1. Indexed by Arrays of indices
For one-dimensional arrays, we can get the data in certain position according to arrays of indices, and the result corresponds to the shape of arrays of indices.
$ a = np.arange(12)**2
$ i = np.array( [ 1,1,3,8,5 ] )
$ a[i]
array([ 1, 1, 9, 64, 25])
$ i = np.array( [ [ 3, 4], [ 9, 7 ] ] )
array([[ 9, 16],
[81, 49]])
For multidimensional arrays, we can also use arrays of indices to get result, but the arrays of indicies for each dimension must have same shape.
$ a = array([[ 0, 1, 2, 3],
[ 4, 5, 6, 7],
[ 8, 9, 10, 11]])
$ i = np.array([[0,1],
[1,2]])
$ j = np.array([[2,1],
[3,3]])
$ a[i,j]
array([[2,5],
[7,11]])
The classical application of arrays of indices is the search of the maximum value of time-dependent arrays.
We can also use indexing with arrays as a target to assign to:
$ a = array([0, 1, 2, 3, 4])
$ a[[1,3,4]] = 0
$ a
array([0, 0, 2, 0, 0]) In a similar way, we can use arrays of indices to fulfill further operations on arrays.
$ a[[0,0,2]]=[1,2,3] # assignment
$ a[[0,0,2]]+=1 # add
2. Indexing with Boolean Arrays
Boolean arrays we can achieve different approaches on array operations.
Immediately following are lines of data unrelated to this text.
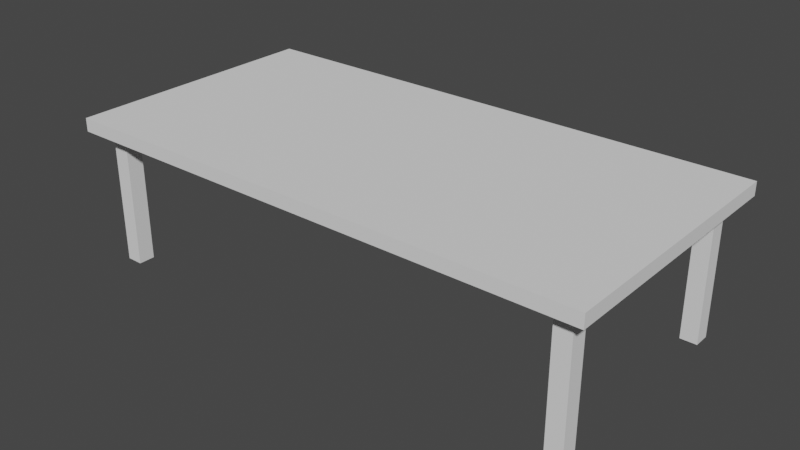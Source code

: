 # Source: Table.blend  (saved by Blender 3.1.7; exported with 4.5.12 LTS)
import bpy
from mathutils import Matrix  # noqa: F401  (used for matrix-valued properties, if any)

bpy.ops.wm.read_factory_settings(use_empty=True)
scene = bpy.context.scene
scene.name = 'Scene'

# ---- world
world_world = bpy.data.worlds.new('World'); scene.world = world_world
world_world.use_nodes = True; world_world.node_tree.nodes.clear()
_N = world_world.node_tree.nodes; _L = world_world.node_tree.links
n0 = _N.new('ShaderNodeOutputWorld'); n0.name = 'World Output'; n0.location = (300, 300)
n1 = _N.new('ShaderNodeBackground'); n1.name = 'Background'; n1.location = (10, 300)
n1.inputs[0].default_value = (0.05088, 0.05088, 0.05088, 1.0)
_L.new(n1.outputs[0], n0.inputs[0])
n0.is_active_output = True
world_world.color = (0.05088, 0.05088, 0.05088)
world_world.use_sun_shadow = False
world_world.sun_shadow_jitter_overblur = 0.0

# ---- meshes
me_cube_001 = bpy.data.meshes.new('Cube.001')
me_cube_001.from_pydata([(-3.519, 2.352, 1.832), (-3.519, -1.0, 1.832), (-3.519, -1.0, 2.0), (-3.519, 2.352, 2.0), (3.238, 2.352, 2.0), (3.238, 2.352, 1.832), (3.238, -1.0, 1.832), (3.238, -1.0, 2.0), (-3.519, 0.6758, 1.832), (-3.519, 0.6758, 2.0), (3.238, 0.6758, 1.832), (3.238, 0.6758, 2.0), (-3.519, 1.514, 2.0), (3.238, 1.514, 1.832), (-3.519, 1.514, 1.832), (3.238, 1.514, 2.0), (-3.519, 1.933, 2.0), (3.238, 1.933, 1.832), (-3.519, 1.933, 1.832), (3.238, 1.933, 2.0), (-3.519, 2.142, 2.0), (3.238, 2.142, 1.832), (-3.519, 2.142, 1.832), (3.238, 2.142, 2.0), (-3.519, -0.1621, 1.832), (3.238, -0.1621, 2.0), (-3.519, -0.1621, 2.0), (3.238, -0.1621, 1.832), (-3.519, -0.581, 1.832), (3.238, -0.581, 2.0), (-3.519, -0.581, 2.0), (3.238, -0.581, 1.832), (-3.519, -0.7905, 1.832), (3.238, -0.7905, 2.0), (-3.519, -0.7905, 2.0), (3.238, -0.7905, 1.832), (-0.1409, 2.352, 2.0), (-0.1409, -1.0, 2.0), (-0.1409, -1.0, 1.832), (-0.1409, 2.352, 1.832), (-0.1409, 0.6758, 2.0), (-0.1409, 0.6758, 1.832), (-0.1409, 1.514, 2.0), (-0.1409, 1.514, 1.832), (-0.1409, 1.933, 2.0), (-0.1409, 1.933, 1.832), (-0.1409, 2.142, 2.0), (-0.1409, 2.142, 1.832), (-0.1409, -0.1621, 1.832), (-0.1409, -0.1621, 2.0), (-0.1409, -0.581, 1.832), (-0.1409, -0.581, 2.0), (-0.1409, -0.7905, 1.832), (-0.1409, -0.7905, 2.0), (-1.83, 2.352, 2.0), (-1.83, -1.0, 1.832), (-1.83, -1.0, 2.0), (-1.83, 2.352, 1.832), (-1.83, 0.6758, 2.0), (-1.83, 0.6758, 1.832), (-1.83, 1.514, 2.0), (-1.83, 1.514, 1.832), (-1.83, 1.933, 2.0), (-1.83, 1.933, 1.832), (-1.83, 2.142, 2.0), (-1.83, 2.142, 1.832), (-1.83, -0.1621, 1.832), (-1.83, -0.1621, 2.0), (-1.83, -0.581, 1.832), (-1.83, -0.581, 2.0), (-1.83, -0.7905, 1.832), (-1.83, -0.7905, 2.0), (-2.675, 2.352, 2.0), (-2.675, -1.0, 1.832), (-2.675, -1.0, 2.0), (-2.675, 2.352, 1.832), (-2.675, 0.6758, 2.0), (-2.675, 0.6758, 1.832), (-2.675, 1.514, 2.0), (-2.675, 1.514, 1.832), (-2.675, 1.933, 2.0), (-2.675, 1.933, 1.832), (-2.675, 2.142, 2.0), (-2.675, 2.142, 1.832), (-2.675, -0.1621, 1.832), (-2.675, -0.1621, 2.0), (-2.675, -0.581, 1.832), (-2.675, -0.581, 2.0), (-2.675, -0.7905, 1.832), (-2.675, -0.7905, 2.0), (-3.097, 2.352, 2.0), (-3.097, -1.0, 1.832), (-3.097, -1.0, 2.0), (-3.097, 2.352, 1.832), (-3.097, 0.6758, 2.0), (-3.097, 0.6758, 1.832), (-3.097, 1.514, 2.0), (-3.097, 1.514, 1.832), (-3.097, 1.933, 2.0), (-3.097, 1.933, 1.832), (-3.097, 2.142, 2.0), (-3.097, 2.142, 1.832), (-3.097, -0.1621, 1.832), (-3.097, -0.1621, 2.0), (-3.097, -0.581, 1.832), (-3.097, -0.581, 2.0), (-3.097, -0.7905, 1.832), (-3.097, -0.7905, 2.0), (-3.308, 2.352, 2.0), (-3.308, -1.0, 1.832), (-3.308, -1.0, 2.0), (-3.308, 2.352, 1.832), (-3.308, 0.6758, 2.0), (-3.308, 0.6758, 1.832), (-3.308, 1.514, 2.0), (-3.308, 1.514, 1.832), (-3.308, 1.933, 2.0), (-3.308, 1.933, 1.832), (-3.308, 2.142, 2.0), (-3.308, 2.142, 1.832), (-3.308, -0.1621, 1.832), (-3.308, -0.1621, 2.0), (-3.308, -0.581, 1.832), (-3.308, -0.581, 2.0), (-3.308, -0.7905, 1.832), (-3.308, -0.7905, 2.0), (1.548, -1.0, 2.0), (1.548, 2.352, 1.832), (1.548, 0.6758, 2.0), (1.548, 0.6758, 1.832), (1.548, 1.514, 2.0), (1.548, 1.514, 1.832), (1.548, 1.933, 2.0), (1.548, 1.933, 1.832), (1.548, 2.142, 2.0), (1.548, 2.142, 1.832), (1.548, -0.1621, 1.832), (1.548, -0.1621, 2.0), (1.548, -0.581, 1.832), (1.548, -0.581, 2.0), (1.548, -0.7905, 1.832), (1.548, -0.7905, 2.0), (1.548, 2.352, 2.0), (1.548, -1.0, 1.832), (2.393, -1.0, 2.0), (2.393, 2.352, 1.832), (2.393, 0.6758, 2.0), (2.393, 0.6758, 1.832), (2.393, 1.514, 2.0), (2.393, 1.514, 1.832), (2.393, 1.933, 2.0), (2.393, 1.933, 1.832), (2.393, 2.142, 2.0), (2.393, 2.142, 1.832), (2.393, -0.1621, 1.832), (2.393, -0.1621, 2.0), (2.393, -0.581, 1.832), (2.393, -0.581, 2.0), (2.393, -0.7905, 1.832), (2.393, -0.7905, 2.0), (2.393, 2.352, 2.0), (2.393, -1.0, 1.832), (2.815, -1.0, 2.0), (2.815, 2.352, 1.832), (2.815, 0.6758, 2.0), (2.815, 0.6758, 1.832), (2.815, 1.514, 2.0), (2.815, 1.514, 1.832), (2.815, 1.933, 2.0), (2.815, 1.933, 1.832), (2.815, 2.142, 2.0), (2.815, 2.142, 1.832), (2.815, -0.1621, 1.832), (2.815, -0.1621, 2.0), (2.815, -0.581, 1.832), (2.815, -0.581, 2.0), (2.815, -0.7905, 1.832), (2.815, -0.7905, 2.0), (2.815, 2.352, 2.0), (2.815, -1.0, 1.832), (3.026, -1.0, 2.0), (3.026, 2.352, 1.832), (3.026, 0.6758, 2.0), (3.026, 0.6758, 1.832), (3.026, 1.514, 2.0), (3.026, 1.514, 1.832), (3.026, 1.933, 2.0), (3.026, 1.933, 1.832), (3.026, 2.142, 2.0), (3.026, 2.142, 1.832), (3.026, -0.1621, 1.832), (3.026, -0.1621, 2.0), (3.026, -0.581, 1.832), (3.026, -0.581, 2.0), (3.026, -0.7905, 1.832), (3.026, -0.7905, 2.0), (3.026, 2.352, 2.0), (3.026, -1.0, 1.832), (-3.308, 1.933, 0.3609), (-3.097, 1.933, 0.3609), (-3.308, 2.142, 0.3609), (-3.097, 2.142, 0.3609), (-3.308, -0.581, 0.3609), (-3.097, -0.581, 0.3609), (-3.308, -0.7905, 0.3609), (-3.097, -0.7905, 0.3609), (2.815, 1.933, 0.3609), (2.815, 2.142, 0.3609), (2.815, -0.7905, 0.3609), (2.815, -0.581, 0.3609), (3.026, 1.933, 0.3609), (3.026, 2.142, 0.3609), (3.026, -0.581, 0.3609), (3.026, -0.7905, 0.3609), (-3.308, 1.933, 0.3609), (-3.097, 1.933, 0.3609), (-3.308, 2.142, 0.3609), (-3.097, 2.142, 0.3609), (-3.308, -0.581, 0.3609), (-3.097, -0.581, 0.3609), (-3.308, -0.7905, 0.3609), (-3.097, -0.7905, 0.3609), (2.815, 1.933, 0.3609), (2.815, 2.142, 0.3609), (2.815, -0.7905, 0.3609), (2.815, -0.581, 0.3609), (3.026, 1.933, 0.3609), (3.026, 2.142, 0.3609), (3.026, -0.581, 0.3609), (3.026, -0.7905, 0.3609), (-3.308, 1.933, 0.1199), (-3.278, 1.963, 0.08998), (-3.127, 1.963, 0.08998), (-3.097, 1.933, 0.1199), (-3.278, 2.112, 0.08998), (-3.308, 2.142, 0.1199), (-3.097, 2.142, 0.1199), (-3.127, 2.112, 0.08998), (-3.278, -0.6109, 0.08998), (-3.308, -0.581, 0.1199), (-3.097, -0.581, 0.1199), (-3.127, -0.6109, 0.08998), (-3.308, -0.7905, 0.1199), (-3.278, -0.7606, 0.08998), (-3.127, -0.7606, 0.08998), (-3.097, -0.7905, 0.1199), (2.845, 1.963, 0.08998), (2.815, 1.933, 0.1199), (2.815, 2.142, 0.1199), (2.845, 2.112, 0.08998), (2.845, -0.7606, 0.08998), (2.815, -0.7905, 0.1199), (2.815, -0.581, 0.1199), (2.845, -0.6109, 0.08998), (2.997, 1.963, 0.08998), (3.026, 1.933, 0.1199), (3.026, 2.142, 0.1199), (2.997, 2.112, 0.08998), (3.026, -0.581, 0.1199), (2.997, -0.6109, 0.08998), (2.997, -0.7606, 0.08998), (3.026, -0.7905, 0.1199)], [], [(111, 0, 3, 108), (110, 2, 1, 109), (119, 22, 0, 111), (125, 34, 2, 110), (22, 20, 3, 0), (35, 33, 7, 6), (13, 15, 11, 10), (24, 26, 9, 8), (114, 12, 9, 112), (120, 24, 8, 113), (116, 16, 12, 114), (17, 19, 15, 13), (8, 9, 12, 14), (113, 8, 14, 115), (21, 23, 19, 17), (118, 20, 16, 116), (14, 12, 16, 18), (115, 14, 18, 117), (108, 3, 20, 118), (5, 4, 23, 21), (18, 16, 20, 22), (117, 18, 22, 119), (122, 28, 24, 120), (28, 30, 26, 24), (10, 11, 25, 27), (112, 9, 26, 121), (32, 34, 30, 28), (124, 32, 28, 122), (27, 25, 29, 31), (121, 26, 30, 123), (109, 1, 32, 124), (1, 2, 34, 32), (31, 29, 33, 35), (123, 30, 34, 125), (139, 51, 53, 141), (143, 38, 52, 140), (137, 49, 51, 139), (140, 52, 50, 138), (128, 40, 49, 137), (138, 50, 48, 136), (133, 45, 47, 135), (142, 36, 46, 134), (131, 43, 45, 133), (134, 46, 44, 132), (129, 41, 43, 131), (132, 44, 42, 130), (136, 48, 41, 129), (130, 42, 40, 128), (141, 53, 37, 126), (135, 47, 39, 127), (126, 37, 38, 143), (127, 39, 36, 142), (51, 69, 71, 53), (38, 55, 70, 52), (49, 67, 69, 51), (52, 70, 68, 50), (40, 58, 67, 49), (50, 68, 66, 48), (45, 63, 65, 47), (36, 54, 64, 46), (43, 61, 63, 45), (46, 64, 62, 44), (41, 59, 61, 43), (44, 62, 60, 42), (48, 66, 59, 41), (42, 60, 58, 40), (53, 71, 56, 37), (47, 65, 57, 39), (37, 56, 55, 38), (39, 57, 54, 36), (69, 87, 89, 71), (55, 73, 88, 70), (67, 85, 87, 69), (70, 88, 86, 68), (58, 76, 85, 67), (68, 86, 84, 66), (63, 81, 83, 65), (54, 72, 82, 64), (61, 79, 81, 63), (64, 82, 80, 62), (59, 77, 79, 61), (62, 80, 78, 60), (66, 84, 77, 59), (60, 78, 76, 58), (71, 89, 74, 56), (65, 83, 75, 57), (56, 74, 73, 55), (57, 75, 72, 54), (87, 105, 107, 89), (73, 91, 106, 88), (85, 103, 105, 87), (88, 106, 104, 86), (76, 94, 103, 85), (86, 104, 102, 84), (81, 99, 101, 83), (72, 90, 100, 82), (79, 97, 99, 81), (82, 100, 98, 80), (77, 95, 97, 79), (80, 98, 96, 78), (84, 102, 95, 77), (78, 96, 94, 76), (89, 107, 92, 74), (83, 101, 93, 75), (74, 92, 91, 73), (75, 93, 90, 72), (105, 123, 125, 107), (91, 109, 124, 106), (103, 121, 123, 105), (99, 117, 198, 199), (94, 112, 121, 103), (104, 122, 120, 102), (194, 176, 208, 213), (90, 108, 118, 100), (97, 115, 117, 99), (100, 118, 116, 98), (95, 113, 115, 97), (98, 116, 114, 96), (102, 120, 113, 95), (96, 114, 112, 94), (107, 125, 110, 92), (101, 119, 111, 93), (92, 110, 109, 91), (93, 111, 108, 90), (145, 127, 142, 160), (144, 126, 143, 161), (153, 135, 127, 145), (159, 141, 126, 144), (148, 130, 128, 146), (154, 136, 129, 147), (150, 132, 130, 148), (147, 129, 131, 149), (152, 134, 132, 150), (149, 131, 133, 151), (160, 142, 134, 152), (151, 133, 135, 153), (156, 138, 136, 154), (146, 128, 137, 155), (158, 140, 138, 156), (155, 137, 139, 157), (161, 143, 140, 158), (157, 139, 141, 159), (175, 157, 159, 177), (179, 161, 158, 176), (173, 155, 157, 175), (176, 158, 156, 174), (164, 146, 155, 173), (174, 156, 154, 172), (169, 151, 153, 171), (178, 160, 152, 170), (167, 149, 151, 169), (170, 152, 150, 168), (165, 147, 149, 167), (168, 150, 148, 166), (172, 154, 147, 165), (166, 148, 146, 164), (177, 159, 144, 162), (171, 153, 145, 163), (162, 144, 161, 179), (163, 145, 160, 178), (181, 163, 178, 196), (180, 162, 179, 197), (189, 171, 163, 181), (195, 177, 162, 180), (184, 166, 164, 182), (190, 172, 165, 183), (186, 168, 166, 184), (183, 165, 167, 185), (188, 170, 168, 186), (185, 167, 169, 187), (196, 178, 170, 188), (106, 124, 204, 205), (192, 174, 172, 190), (182, 164, 173, 191), (192, 194, 213, 212), (191, 173, 175, 193), (197, 179, 176, 194), (193, 175, 177, 195), (29, 193, 195, 33), (6, 197, 194, 35), (25, 191, 193, 29), (35, 194, 192, 31), (11, 182, 191, 25), (31, 192, 190, 27), (17, 187, 189, 21), (4, 196, 188, 23), (13, 185, 187, 17), (23, 188, 186, 19), (10, 183, 185, 13), (19, 186, 184, 15), (27, 190, 183, 10), (15, 184, 182, 11), (33, 195, 180, 7), (21, 189, 181, 5), (7, 180, 197, 6), (5, 181, 196, 4), (206, 207, 223, 222), (211, 210, 226, 227), (199, 198, 214, 215), (198, 200, 216, 214), (101, 99, 199, 201), (187, 169, 206, 210), (169, 171, 207, 206), (119, 101, 201, 200), (171, 189, 211, 207), (189, 187, 210, 211), (124, 122, 202, 204), (176, 174, 209, 208), (104, 106, 205, 203), (122, 104, 203, 202), (174, 192, 212, 209), (117, 119, 200, 198), (219, 221, 245, 240), (225, 228, 258, 252), (216, 217, 236, 235), (227, 226, 255, 256), (200, 201, 217, 216), (208, 209, 225, 224), (202, 203, 219, 218), (210, 206, 222, 226), (205, 204, 220, 221), (207, 211, 227, 223), (203, 205, 221, 219), (209, 212, 228, 225), (201, 199, 215, 217), (213, 208, 224, 229), (204, 202, 218, 220), (212, 213, 229, 228), (220, 218, 239, 242), (214, 216, 235, 230), (226, 222, 247, 255), (229, 224, 251, 261), (217, 215, 233, 236), (232, 231, 234, 237), (228, 229, 261, 258), (254, 246, 249, 257), (218, 219, 240, 239), (260, 250, 253, 259), (244, 243, 238, 241), (223, 227, 256, 248), (222, 223, 248, 247), (224, 225, 252, 251), (221, 220, 242, 245), (231, 232, 233, 230), (235, 236, 237, 234), (239, 240, 241, 238), (243, 244, 245, 242), (244, 241, 240, 245), (232, 237, 236, 233), (242, 239, 238, 243), (230, 235, 234, 231), (247, 248, 249, 246), (251, 252, 253, 250), (246, 254, 255, 247), (248, 256, 257, 249), (252, 258, 259, 253), (250, 260, 261, 251), (260, 259, 258, 261), (254, 257, 256, 255), (215, 214, 230, 233)])
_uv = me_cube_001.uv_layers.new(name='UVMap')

We can pick up specific elements in arrays according to boolean values in arrays. Given an example as follow:
$ a = np.arange(12).reshape(3,4)
$ b = a > 4
$ b
array([[False, False, False, False],
[False, True, True, True],
[ True, True, True, True]])
$ a[b] = 0
$ a
array([[0, 1, 2, 3],
[4, 0, 0, 0],
[0, 0, 0, 0]])
# This means that every element higher than 4 becomes 0.
3. The ix_() function
Chpater6 Some tips
1. Simple Array Operation
Numpy gives some functions to fulfill linear operations:
$ a.transpose() # can achieve the function of transposing matrix
$ u = np.eye(n) # get a array with ones on diagonal and zeros elsewhere.
2. “Automatic” Reshaping
If you want to change the dimension of an array, you can omit one of the sizes, because numpy can add this size number automatically according to other sizes.
3. Vector Stacking
If you want to construct a new array according to two arrays,which have same size, then you can use function vstack
and hstack
:
$ x = np.arange(0,10,2)
$ y = np.arange(5)
$ np.vastack(x, y)
[[0,2,4,6,8],
[0,1,2,3,4]]
$ np.hstack([x,y])
[0,2,4,6,8,0,1,2,3,4]
4. Histograms
Numpy has a function named histograms
, which can be used to generate a pair of vectors: the histogram of the array and the vector of bins. So if we want to get histograms, we can use this function. matplotlib also have a similar function to build a histogram, but there is a main difference between them that the histogram function in numpy just generate datas, instead of the diagram.
Summary
Numpy is an effective pyhton calculation package, if we want to operate scientific calculation, Numpy is the best choice. Further guide of the functions in Numpy can be found in offical website.